Of course the wealthy paid for the government bonds they own, so they have a strong argument that they should get the interest. Similarly, retirees paid for their Social Security benefits. In addition, the government will save almost no money by taking away the Social Security benefits of the Warren Buffetts and the Bill Gates of the world. They are too few of them and they don’t get large checks. To have any substantial savings it would be necessary to cut benefits for retirees with incomes of around $40,000 a year.

While the government does pay out far more for Medicare than workers paid in taxes, the distributional issue here is with doctors, drug companies and other providers. We pay more than twice as much per person for our health care than people in other wealthy countries even though we have nothing obvious to show for this in terms of outcome. The reason is that we pay our providers far more for the same services. If we want to crack down on inequities here we would make bring pay for doctors and other providers in line with payments in other wealthy countries. It is bizarre to imply that we have done seniors some great favor because we make our doctors rich treating them.

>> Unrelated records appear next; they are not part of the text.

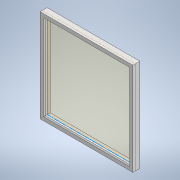
# Autodesk Inventor part: rama
Saved by Autodesk Inventor 2021 (Build 250183000, 183)
## iProperties
Created: 2021-06-22
Part Number: rama
Material: Tworzywo sztuczne PC/ABS
Document SubType Name: Modeling
Designer: Wojciech Wołczek
Density: 0.357273 g/cm^3
Appearance: Gładki — biały
Author: Wojciech Wołczek
Autodesk Inventor part; units mm, degrees
ref_plane "YZ Plane" through (0, 0, 0) normal (1, 0, 0) x (0, 1, 0)
ref_plane "XZ Plane" through (0, 0, 0) normal (0, 1, 0) x (-1, 0, 0)
ref_plane "XY Plane" through (0, 0, 0) normal (0, 0, 1) x (1, 0, 0)
sketch "Szkic1" plane through (0, 0, 0) normal (0, 0, 1) x (1, 0, 0)
  line L0 (500, -500) -> (-500, -500)
  line L1 (-500, -500) -> (-500, 500)
  line L2 (-500, 500) -> (500, 500)
  line L3 (500, 500) -> (500, -500)
  line L4 (500, -500) -> (-500, 500) construction
  line L5 (-500, -500) -> (500, 500) construction
  line L6 (465, -465) -> (-465, -465)
  line L7 (-465, -465) -> (-465, 465)
  line L8 (-465, 465) -> (465, 465)
  line L9 (465, 465) -> (465, -465)
  line L10 (465, -465) -> (-465, 465) construction
  line L11 (-465, -465) -> (465, 465) construction
  point P0 (0, 0)
  dimension "d0" = 1000
  dimension "d1" = 1000
  dimension "d2" = 930
  dimension "d3" = 930
  constraints: 24 end point, 4 midpoint, 4 parallel, 2 horizontal, 2 perpendicular
  measures "d0" distance of L1.end L2.end
  measures "d1" distance of L0.end L1.end
  measures "d2" distance of L7.end L8.end
  measures "d3" distance of L6.end L7.end
extrude "Wyciągnięcie proste1" add sketch "Szkic1" along normal mid plane 75
sketch "Szkic2" plane through (0, 0, 37.5) normal (0, 0, 1) x (1, 0, 0)
  line L0 (465, -465) -> (465, 465) projected
  line L1 (-465, 465) -> (465, 465)
  line L2 (465, 465) -> (465, -465)
  line L3 (465, -465) -> (-465, -465)
  line L4 (-465, -465) -> (-465, 465)
  line L5 (-465, 465) -> (465, -465) construction
  line L6 (465, 465) -> (-465, -465) construction
  line L7 (-452.5, 452.5) -> (452.5, 452.5)
  line L8 (452.5, 452.5) -> (452.5, -452.5)
  line L9 (452.5, -452.5) -> (-452.5, -452.5)
  line L10 (-452.5, -452.5) -> (-452.5, 452.5)
  line L11 (-452.5, 452.5) -> (452.5, -452.5) construction
  line L12 (452.5, 452.5) -> (-452.5, -452.5) construction
  point P0 (0, 0)
  dimension "d6" = 905
  dimension "d7" = 905
  constraints: 24 end point, 4 midpoint, 4 parallel, 2 horizontal, 2 perpendicular
  measures "d6" distance of L8.end L9.end
  measures "d7" distance of L7.end L8.end
extrude "Wyciągnięcie proste2" add sketch "Szkic2" against normal blind 10
chamfer "Faza1" distance 10 angle 45 4 edges at (452.5, 0, 37.5) (0, 452.5, 37.5) (-452.5, 0, 37.5) (0, -452.5, 37.5)
ref_plane "Płaszczyzna konstrukcyjna1" through (-452.5, 452.5, 27.5) normal (0, 0, 1) x (0, -1, 0)
sketch "Szkic3" plane through (0, 0, 27.5) normal (0, 0, -1) x (-1, 0, 0)
  line L0 (452.5, 452.5) -> (452.5, -452.5) projected
  line L1 (-452.5, -452.5) -> (452.5, -452.5)
  line L2 (452.5, -452.5) -> (452.5, 452.5)
  line L3 (452.5, 452.5) -> (-452.5, 452.5)
  line L4 (-452.5, 452.5) -> (-452.5, -452.5)
  line L5 (-452.5, -452.5) -> (452.5, 452.5) construction
  line L6 (452.5, -452.5) -> (-452.5, 452.5) construction
  line L7 (-457.5, -457.5) -> (457.5, -457.5)
  line L8 (457.5, -457.5) -> (457.5, 457.5)
  line L9 (457.5, 457.5) -> (-457.5, 457.5)
  line L10 (-457.5, 457.5) -> (-457.5, -457.5)
  line L11 (-457.5, -457.5) -> (457.5, 457.5) construction
  line L12 (457.5, -457.5) -> (-457.5, 457.5) construction
  point P0 (0, 0)
  dimension "d13" = 915
  constraints: 24 end point, 4 midpoint, 4 parallel, 2 horizontal, 2 perpendicular, 1 point on line
  measures "d13" distance of L9.end L8.end
extrude "Wyciągnięcie proste3" add sketch "Szkic3" along normal blind 5

Finally, it is important to note that the large deficits of recent years are entirely the result of the economic slump that followed the collapse of the housing bubble. This is easy to see by comparing the deficit projections from the Congressional Budget Office from January 2008, before the impact of the housing crash was recognized, with actual deficits.

deficits-per-GDP-10-2012

Source: Congressional Budget Office.

There were no major new programs created in 2008 or 2009 nor were there permanent cuts in taxes put in place. The explosion of the deficit was either directly the result of the economy’s collapse (e.g. lower taxes and higher transfers like unemployment benefits) or temporary measures intended to counteract the downturn, like the payroll tax cut. Implying that large deficits have been a chronic problem is just wrong.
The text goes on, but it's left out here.